Problem to solve: In the records that follow, find the line with "edge.add_line((21.51, -10), (21.51, -10.5))"; from there, retype every line exactly through the line with "edge.add_line((-16.765, -2), (-30.475, -2))", which also belongs to the answer.

Data items
------------
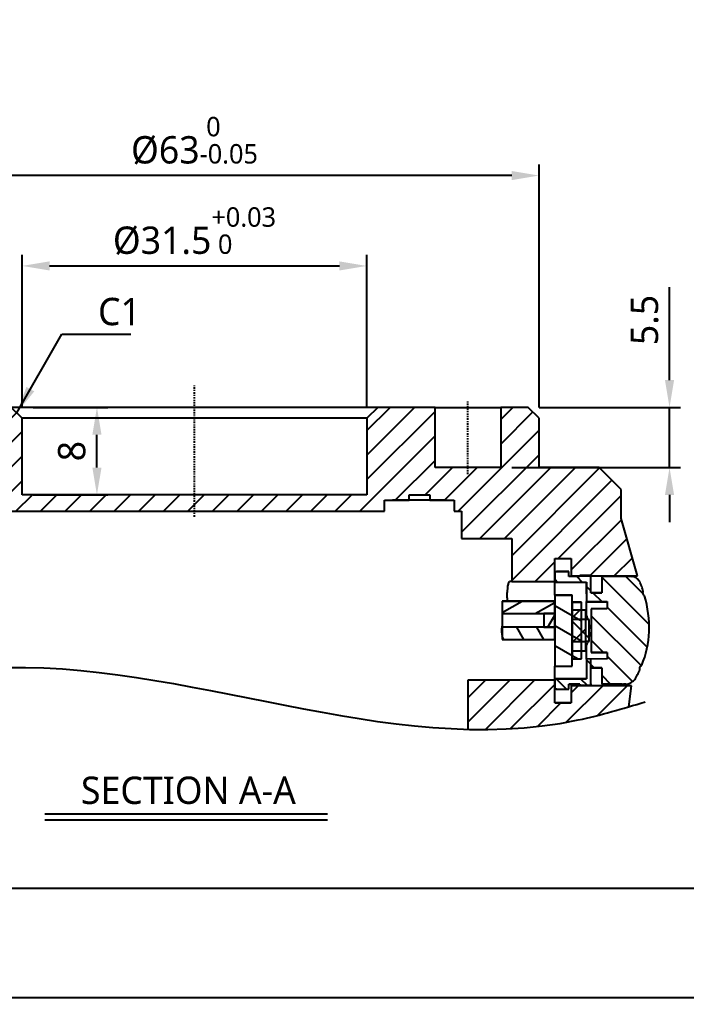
# Model space of a CAD drawing. Header units: millimetres. Extents: x 0 to 4378, y 0 to 2376.
# Drawn here: x 3488.8 to 3549.8, y 0 to 89.4 of the extents above; entities that cross this region are included whole.
import ezdxf
from ezdxf.enums import TextEntityAlignment as Align

# ---------------------------------------------------------------- set-up
doc = ezdxf.new("R2010")
doc.units = ezdxf.units.MM
doc.header["$LTSCALE"] = 0.2
doc.linetypes.add('CENTER2', pattern=[1.125, 0.75, -0.125, 0.125, -0.125])
for name, color, linetype in [('02_Center Line', 1, 'CENTER2'), ('05_Section Line', 3, 'Continuous'), ('12_Before Rev.Num.', 5, 'Continuous')]:
    doc.layers.add(name, color=color, linetype=linetype)
doc.styles.add('Rainbow-2.5 Style', font='malgunsl.ttf')
doc.dimstyles.new('Rainbow-2.5 Style$0', dxfattribs={"dimtxt": 2.5, "dimasz": 2.5, "dimexe": 1, "dimexo": 1, "dimgap": 1, "dimtad": 1, "dimdsep": 46, "dimtxsty": 'Rainbow-2.5 Style', "dimcen": 0, "dimclrd": 251, "dimclre": 251, "dimclrt": 7, "dimazin": 3, "dimtp": 0.1, "dimtm": 0.1, "dimtfac": 0.61, "dimtmove": 0, "dimatfit": 3, "dimfxl": 1, "dimlwd": -1, "dimlwe": -1, "dimarcsym": 1})
doc.dimstyles.new('Rainbow-2.5 Style$7', dxfattribs={"dimtxt": 2.5, "dimasz": 2.5, "dimexe": 1, "dimexo": 1, "dimgap": 1, "dimtad": 1, "dimdsep": 46, "dimtxsty": 'Rainbow-2.5 Style', "dimcen": 0, "dimclrd": 251, "dimclre": 251, "dimclrt": 7, "dimazin": 3, "dimtp": 0.1, "dimtm": 0.1, "dimtfac": 0.71, "dimtmove": 0, "dimatfit": 3, "dimfxl": 1, "dimlwd": -1, "dimlwe": -1, "dimarcsym": 1})
pattern_1 = [(45, (-135.975, -57.496), (-1.122532, 1.122532), [])]
pattern_2 = [(150.0002, (-135.975, -57.496), (-0.793744, -1.374819), [])]
pattern_3 = [(135.0002, (-135.975, -57.496), (-1.122528, -1.122536), [])]

# ---------------------------------------------------------------- blocks, each defined once
blk = doc.blocks.new('Blk$I43J4-5N2301D')
at = {"layer": '05_Section Line'}
h = blk.add_hatch(dxfattribs=at)
h.set_pattern_fill('ANSI31', color=256, scale=12.7, style=0)
h.set_pattern_definition(pattern_1)
edge = h.paths.add_edge_path()
edge.add_spline(control_points=[(-39, -12.16), (-39.005, -12.242), (-39.001, -12.324), (-38.972, -12.493), (-38.947, -12.578), (-38.858, -12.774), (-38.786, -12.88), (-38.605, -13.058), (-38.498, -13.13), (-38.262, -13.229), (-38.135, -13.254), (-38.007, -13.254)], knot_values=[-0.165928, -0.165928, -0.165928, -0.165928, -0.141276, -0.141276, -0.114739, -0.114739, -0.076747, -0.076747, -0.03851, -0.03851, 0, 0, 0, 0], degree=3, periodic=0)
edge.add_line((-38.007, -13.254), (-38.007, -13.254))
edge.add_line((-38.007, -13.254), (-32, -13.254))
edge.add_line((-32, -13.254), (-32, -14.292))
edge.add_line((-32, -14.292), (-32, -15.343))
edge.add_line((-32, -15.343), (-32, -15.631))
edge.add_line((-32, -15.631), (-32, -15.662))
edge.add_line((-32, -15.662), (-30.5, -15.662))
edge.add_line((-30.5, -15.662), (-30.5, -14.39))
edge.add_line((-30.5, -14.39), (-30.5, -11.5))
edge.add_line((-30.5, -11.5), (17.387, -11.5))
edge.add_line((17.387, -11.5), (17.387, -10.5))
edge.add_line((17.387, -10.5), (18.116, -10.5))
edge.add_line((18.116, -10.5), (19.616, -10.5))
edge.add_line((19.616, -10.5), (19.616, -10))
edge.add_line((19.616, -10), (21.51, -10))
edge.add_line((21.51, -10), (21.51, -10.5))
edge.add_line((21.51, -10.5), (22.932, -10.5))
edge.add_line((22.932, -10.5), (23.738, -10.5))
edge.add_line((23.738, -10.5), (23.738, -11.5))
edge.add_line((23.738, -11.5), (24.422, -11.5))
edge.add_line((24.422, -11.5), (24.422, -14))
edge.add_line((24.422, -14), (29, -14))
edge.add_line((29, -14), (29, -17.92))
edge.add_line((29, -17.92), (32.938, -17.92))
edge.add_line((32.938, -17.92), (32.938, -17.223))
edge.add_line((32.938, -17.223), (32.938, -15.82))
edge.add_line((32.938, -15.82), (34.439, -15.82))
edge.add_line((34.439, -15.82), (34.439, -17.42))
edge.add_line((34.439, -17.42), (35.239, -17.42))
edge.add_line((35.239, -17.42), (36.239, -17.42))
edge.add_line((36.239, -17.42), (40.503, -17.42))
edge.add_line((40.503, -17.42), (39, -12.159))
edge.add_line((39, -12.159), (39, -9.5))
edge.add_line((39, -9.5), (37, -7.5))
edge.add_line((37, -7.5), (31.475, -7.5))
edge.add_line((31.475, -7.5), (31.475, -3))
edge.add_line((31.475, -3), (30.475, -2))
edge.add_line((30.475, -2), (28, -2))
edge.add_line((28, -2), (28, -7.5))
edge.add_line((28, -7.5), (22, -7.5))
edge.add_line((22, -7.5), (22, -2))
edge.add_line((22, -2), (16.765, -2))
edge.add_line((16.765, -2), (15.765, -3))
edge.add_line((15.765, -3), (15.765, -10))
edge.add_line((15.765, -10), (-15.765, -10))
edge.add_line((-15.765, -10), (-15.765, -3))
edge.add_line((-15.765, -3), (-16.765, -2))
edge.add_line((-16.765, -2), (-30.475, -2))
edge.add_line((-30.475, -2), (-31.475, -3))
edge.add_line((-31.475, -3), (-31.475, -7.5))
edge.add_line((-31.475, -7.5), (-37, -7.5))
edge.add_line((-37, -7.5), (-39, -9.5))
edge.add_line((-39, -9.5), (-39, -12.16))
h = blk.add_hatch(dxfattribs=at)
h.set_pattern_fill('ANSI31', color=256, scale=12.7, angle=90.00021, style=0)
h.set_pattern_definition(pattern_3)
edge = h.paths.add_edge_path()
edge.add_line((35.838, -25.014), (35.837, -26.813))
edge.add_line((35.837, -26.813), (32.938, -26.813))
edge.add_line((32.938, -26.813), (32.938, -26.962))
edge.add_line((32.938, -26.962), (32.938, -27.564))
edge.add_spline(control_points=[(32.938, -27.564), (32.938, -27.583), (32.94, -27.602), (32.946, -27.637), (32.951, -27.653), (32.966, -27.686), (32.977, -27.702), (33.007, -27.73), (33.025, -27.741), (33.074, -27.76), (33.107, -27.764), (33.138, -27.764)], knot_values=[-0.032407, -0.032407, -0.032407, -0.032407, -0.026742, -0.026742, -0.021754, -0.021754, -0.015844, -0.015844, -0.009442, -0.009442, -0.000005, -0.000005, -0.000005, -0.000005], degree=3, periodic=0)
edge.add_line((33.138, -27.764), (34.238, -27.764))
edge.add_line((34.238, -27.764), (34.238, -27.314))
edge.add_line((34.238, -27.314), (34.239, -27.314))
edge.add_spline(control_points=[(34.239, -27.314), (34.405, -27.314), (34.572, -27.314), (34.905, -27.314), (35.072, -27.314), (35.239, -27.314)], knot_values=[-0.100001, -0.100001, -0.100001, -0.100001, -0.05, -0.05, 0, 0, 0, 0], degree=3, periodic=0)
edge.add_line((35.239, -27.314), (35.239, -27.406))
edge.add_line((35.239, -27.406), (36.238, -27.406))
edge.add_line((36.238, -27.406), (36.238, -25.814))
edge.add_line((36.238, -25.814), (37.239, -25.814))
edge.add_line((37.239, -25.814), (37.239, -27.314))
edge.add_spline(control_points=[(37.239, -27.314), (37.306, -27.314), (37.373, -27.314), (37.506, -27.314), (37.573, -27.314), (37.639, -27.314)], knot_values=[-0.04, -0.04, -0.04, -0.04, -0.02, -0.02, 0, 0, 0, 0], degree=3, periodic=0)
edge.add_line((37.639, -27.314), (39.473, -27.314))
edge.add_spline(control_points=[(39.473, -27.314), (39.529, -27.314), (39.587, -27.306), (39.701, -27.278), (39.76, -27.257), (39.891, -27.197), (39.96, -27.154), (40.014, -27.104)], knot_values=[-0.052857, -0.052857, -0.052857, -0.052857, -0.038047, -0.038047, -0.021994, -0.021994, -0.000002, -0.000002, -0.000002, -0.000002], degree=3, periodic=0)
edge.add_line((40.014, -27.104), (40.246, -26.894))
edge.add_spline(control_points=[(40.246, -26.894), (40.333, -26.746), (40.416, -26.595), (40.574, -26.295), (40.648, -26.145), (40.719, -25.993)], knot_values=[-0.102533, -0.102533, -0.102533, -0.102533, -0.050875, -0.050875, -0.000663, -0.000663, -0.000663, -0.000663], degree=3, periodic=0)
edge.add_spline(control_points=[(40.719, -25.993), (40.711, -25.963), (40.707, -25.933), (40.707, -25.869), (40.712, -25.836), (40.734, -25.76), (40.756, -25.718), (40.815, -25.645), (40.851, -25.614), (40.892, -25.592)], knot_values=[-0.047185, -0.047185, -0.047185, -0.047185, -0.037999, -0.037999, -0.028145, -0.028145, -0.014083, -0.014083, -0.000069, -0.000069, -0.000069, -0.000069], degree=3, periodic=0)
edge.add_spline(control_points=[(40.892, -25.592), (41.297, -24.605), (41.524, -23.578), (41.614, -21.4), (41.458, -20.302), (41.156, -19.231)], knot_values=[-0.654243, -0.654243, -0.654243, -0.654243, -0.334104, -0.334104, -0.000372, -0.000372, -0.000372, -0.000372], degree=3, periodic=0)
edge.add_spline(control_points=[(41.156, -19.231), (41.127, -19.216), (41.101, -19.195), (41.054, -19.144), (41.034, -19.113), (41.007, -19.041), (41.002, -19.002), (41.005, -18.916), (41.016, -18.871), (41.035, -18.828)], knot_values=[-0.046895, -0.046895, -0.046895, -0.046895, -0.036927, -0.036927, -0.025883, -0.025883, -0.013933, -0.013933, -0.000032, -0.000032, -0.000032, -0.000032], degree=3, periodic=0)
edge.add_spline(control_points=[(41.035, -18.828), (40.988, -18.678), (40.937, -18.529), (40.831, -18.23), (40.774, -18.08), (40.715, -17.931)], knot_values=[-0.095586, -0.095586, -0.095586, -0.095586, -0.048351, -0.048351, -0.00032, -0.00032, -0.00032, -0.00032], degree=3, periodic=0)
edge.add_spline(control_points=[(40.715, -17.931), (40.682, -17.893), (40.648, -17.854), (40.612, -17.812), (40.609, -17.809), (40.606, -17.806)], knot_values=[-0.030625, -0.030625, -0.030625, -0.030625, -0.015312, -0.015312, -0.013993, -0.013993, -0.013993, -0.013993], degree=3, periodic=0)
edge.add_spline(control_points=[(40.606, -17.806), (40.576, -17.771), (40.546, -17.737), (40.516, -17.702)], knot_values=[-0.013993, -0.013993, -0.013993, -0.013993, -0.000281, -0.000281, -0.000281, -0.000281], degree=3, periodic=0)
edge.add_spline(control_points=[(40.516, -17.702), (40.479, -17.659), (40.433, -17.621), (40.335, -17.556), (40.28, -17.529), (40.188, -17.497), (40.151, -17.488), (40.113, -17.481)], knot_values=[-0.056004, -0.056004, -0.056004, -0.056004, -0.038711, -0.038711, -0.02079, -0.02079, -0.00954, -0.00954, -0.00954, -0.00954], degree=3, periodic=0)
edge.add_spline(control_points=[(40.113, -17.481), (40.082, -17.476), (40.05, -17.473), (40.018, -17.473)], knot_values=[-0.009565, -0.009565, -0.009565, -0.009565, 0, 0, 0, 0], degree=3, periodic=0)
edge.add_line((40.018, -17.473), (37.639, -17.473))
edge.add_line((37.639, -17.473), (37.239, -17.473))
edge.add_line((37.239, -17.473), (37.239, -18.963))
edge.add_line((37.239, -18.963), (36.239, -18.964))
edge.add_line((36.239, -18.964), (36.239, -17.42))
edge.add_line((36.239, -17.42), (36.239, -17.372))
edge.add_line((36.239, -17.372), (35.239, -17.372))
edge.add_line((35.239, -17.372), (35.239, -17.42))
edge.add_line((35.239, -17.42), (35.239, -17.475))
edge.add_spline(control_points=[(35.239, -17.475), (35.072, -17.475), (34.905, -17.475), (34.572, -17.475), (34.405, -17.475), (34.239, -17.473)], knot_values=[-0.100001, -0.100001, -0.100001, -0.100001, -0.05, -0.05, 0, 0, 0, 0], degree=3, periodic=0)
edge.add_line((34.239, -17.473), (34.238, -17.473))
edge.add_line((34.238, -17.473), (34.238, -17.022))
edge.add_line((34.238, -17.022), (33.138, -17.022))
edge.add_spline(control_points=[(33.138, -17.022), (33.119, -17.022), (33.1, -17.023), (33.066, -17.03), (33.05, -17.035), (33.017, -17.05), (33.001, -17.061), (32.972, -17.091), (32.961, -17.109), (32.942, -17.159), (32.938, -17.191), (32.938, -17.223)], knot_values=[-0.032491, -0.032491, -0.032491, -0.032491, -0.026847, -0.026847, -0.021873, -0.021873, -0.015946, -0.015946, -0.009512, -0.009512, 0, 0, 0, 0], degree=3, periodic=0)
edge.add_line((32.938, -17.223), (32.938, -17.92))
edge.add_line((32.938, -17.92), (32.938, -17.973))
edge.add_line((32.938, -17.973), (35.838, -17.973))
edge.add_line((35.838, -17.973), (35.838, -19.764))
edge.add_line((35.838, -19.764), (37.734, -19.763))
edge.add_line((37.734, -19.763), (37.735, -20.41))
edge.add_line((37.735, -20.41), (36.279, -20.41))
edge.add_line((36.279, -20.41), (36.279, -24.41))
edge.add_line((36.279, -24.41), (37.737, -24.41))
edge.add_line((37.736, -24.41), (37.737, -25.013))
edge.add_line((37.737, -25.013), (35.838, -25.014))
h = blk.add_hatch(dxfattribs=at)
h.set_pattern_fill('ANSI31', color=256, scale=12.7, angle=105.00025, style=0)
h.set_pattern_definition(pattern_2)
h.paths.add_polyline_path([(34.538, -19.162), (32.938, -19.162), (32.938, -19.712), (32.938, -20.862), (32.938, -22.112), (32.938, -22.112), (32.938, -23.224), (32.938, -25.659), (34.538, -25.659), (34.538, -25.01), (34.538, -23.41), (34.538, -21.41), (34.538, -19.81)])
h = blk.add_hatch(dxfattribs=at)
h.set_pattern_fill('ANSI31', color=256, scale=12.7, angle=-14.99998, style=0)
h.set_pattern_definition([(30, (-135.975, -57.496), (-0.79375, 1.374815), [])])
h.paths.add_polyline_path([(28.138, -20.862), (31.938, -20.862), (32.938, -20.862), (32.938, -19.712), (28.138, -19.712)])
h = blk.add_hatch(dxfattribs=at)
h.set_pattern_fill('ANSI31', color=256, scale=12.7, angle=105.00025, style=0)
h.set_pattern_definition(pattern_2)
h.paths.add_polyline_path([(34.538, -25.01), (35.378, -25.01), (35.378, -24.26), (35.378, -23.41), (35.378, -21.41), (35.378, -20.56), (35.378, -19.81), (34.538, -19.81), (34.538, -21.41), (34.538, -23.41)])
h = blk.add_hatch(dxfattribs=at)
h.set_pattern_fill('ANSI31', color=256, scale=12.7, style=0)
h.set_pattern_definition(pattern_1)
h.paths.add_polyline_path([(34.538, -24.26), (35.378, -24.26), (35.778, -24.26), (35.778, -23.41), (35.778, -21.41), (35.778, -20.56), (35.378, -20.56), (34.538, -20.56), (34.538, -21.41), (34.538, -23.41)])
h = blk.add_hatch(dxfattribs=at)
h.set_pattern_fill('ANSI31', color=256, scale=12.7, angle=14.99998, style=0)
h.set_pattern_definition([(60, (-135.975, -57.496), (-1.374815, 0.79375), [])])
h.paths.add_polyline_path([(32.938, -20.862), (31.938, -20.862), (31.938, -20.862), (31.938, -22.112), (32.938, -22.112)])
h = blk.add_hatch(dxfattribs=at)
h.set_pattern_fill('ANSI31', color=256, scale=12.7, angle=90.00021, style=0)
h.set_pattern_definition(pattern_3)
h.paths.add_polyline_path([(36.078, -21.41), (35.778, -21.41), (35.378, -21.41), (34.538, -21.41), (34.538, -23.41), (35.378, -23.41), (35.778, -23.41), (36.078, -23.41)])
h = blk.add_hatch(dxfattribs=at)
h.set_pattern_fill('ANSI31', color=256, scale=12.7, angle=75.00018, style=0)
h.set_pattern_definition([(120.0002, (-135.975, -57.496), (-1.374813, -0.793754), [])])
h.paths.add_polyline_path([(28.138, -23.224), (32.938, -23.224), (32.938, -22.112), (28.138, -22.112)])
h = blk.add_hatch(dxfattribs=at)
h.set_pattern_fill('ANSI31', color=256, scale=12.7, style=0)
h.set_pattern_definition(pattern_1)
h.paths.add_polyline_path([(37.548, -29.994), (39.727, -29.36), (39.968, -27.462), (34.439, -27.462), (34.439, -29.034), (32.938, -29.034), (32.938, -27.564), (32.938, -26.962), (25, -26.962), (25, -31.412), (26.471, -31.458), (30.191, -31.302), (33.884, -30.826)])
for p, q in [((-15.75, -3), (-16.75, -2)), ((16.75, -2), (-16.75, -2)), ((16.75, -2), (15.75, -3)), ((22, -2), (16.75, -2)), ((22, -7.5), (22, -2)), ((22, -2), (28, -2)), ((30.5, -2), (28, -2)), ((28, -2), (28, -7.5)), ((31.5, -3), (30.5, -2)), ((-15.75, -10), (-15.75, -3)), ((15.75, -3), (-15.75, -3)), ((15.75, -3), (15.75, -10)), ((31.5, -7.5), (31.5, -3)), ((28, -7.5), (22, -7.5)), ((37, -7.5), (31.5, -7.5)), ((39, -9.5), (37, -7.5)), ((39, -12.159), (39, -9.5)), ((15.75, -10), (-15.75, -10)), ((17.387, -11.5), (17.387, -10.5)), ((17.387, -10.5), (19.616, -10.5)), ((22.932, -10.5), (18.116, -10.5)), ((19.616, -10.5), (19.616, -10)), ((19.616, -10), (21.51, -10)), ((21.51, -10), (21.51, -10.5)), ((21.51, -10.5), (23.738, -10.5)), ((23.738, -10.5), (23.738, -11.5)), ((-30.5, -11.5), (17.387, -11.5)), ((23.738, -11.5), (24.422, -11.5)), ((24.422, -11.5), (24.422, -14)), ((40.503, -17.42), (39, -12.159)), ((24.422, -14), (29, -14)), ((29, -14), (29, -17.92)), ((32.938, -17.92), (32.938, -15.82)), ((32.938, -15.82), (34.439, -15.82)), ((32.938, -15.821), (34.439, -15.821)), ((34.439, -15.82), (34.439, -17.42)), ((32.938, -17.223), (32.938, -17.973)), ((33.138, -17.02), (34.238, -17.02)), ((34.238, -17.473), (34.238, -17.022)), ((34.238, -17.022), (34.238, -17.022)), ((34.239, -17.473), (34.239, -17.468)), ((35.239, -17.468), (34.239, -17.468)), ((34.239, -17.473), (34.239, -17.473)), ((35.239, -17.473), (34.239, -17.473)), ((34.439, -17.42), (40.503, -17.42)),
------------
Your response:
edge.add_line((21.51, -10), (21.51, -10.5))
edge.add_line((21.51, -10.5), (22.932, -10.5))
edge.add_line((22.932, -10.5), (23.738, -10.5))
edge.add_line((23.738, -10.5), (23.738, -11.5))
edge.add_line((23.738, -11.5), (24.422, -11.5))
edge.add_line((24.422, -11.5), (24.422, -14))
edge.add_line((24.422, -14), (29, -14))
edge.add_line((29, -14), (29, -17.92))
edge.add_line((29, -17.92), (32.938, -17.92))
edge.add_line((32.938, -17.92), (32.938, -17.223))
edge.add_line((32.938, -17.223), (32.938, -15.82))
edge.add_line((32.938, -15.82), (34.439, -15.82))
edge.add_line((34.439, -15.82), (34.439, -17.42))
edge.add_line((34.439, -17.42), (35.239, -17.42))
edge.add_line((35.239, -17.42), (36.239, -17.42))
edge.add_line((36.239, -17.42), (40.503, -17.42))
edge.add_line((40.503, -17.42), (39, -12.159))
edge.add_line((39, -12.159), (39, -9.5))
edge.add_line((39, -9.5), (37, -7.5))
edge.add_line((37, -7.5), (31.475, -7.5))
edge.add_line((31.475, -7.5), (31.475, -3))
edge.add_line((31.475, -3), (30.475, -2))
edge.add_line((30.475, -2), (28, -2))
edge.add_line((28, -2), (28, -7.5))
edge.add_line((28, -7.5), (22, -7.5))
edge.add_line((22, -7.5), (22, -2))
edge.add_line((22, -2), (16.765, -2))
edge.add_line((16.765, -2), (15.765, -3))
edge.add_line((15.765, -3), (15.765, -10))
edge.add_line((15.765, -10), (-15.765, -10))
edge.add_line((-15.765, -10), (-15.765, -3))
edge.add_line((-15.765, -3), (-16.765, -2))
edge.add_line((-16.765, -2), (-30.475, -2))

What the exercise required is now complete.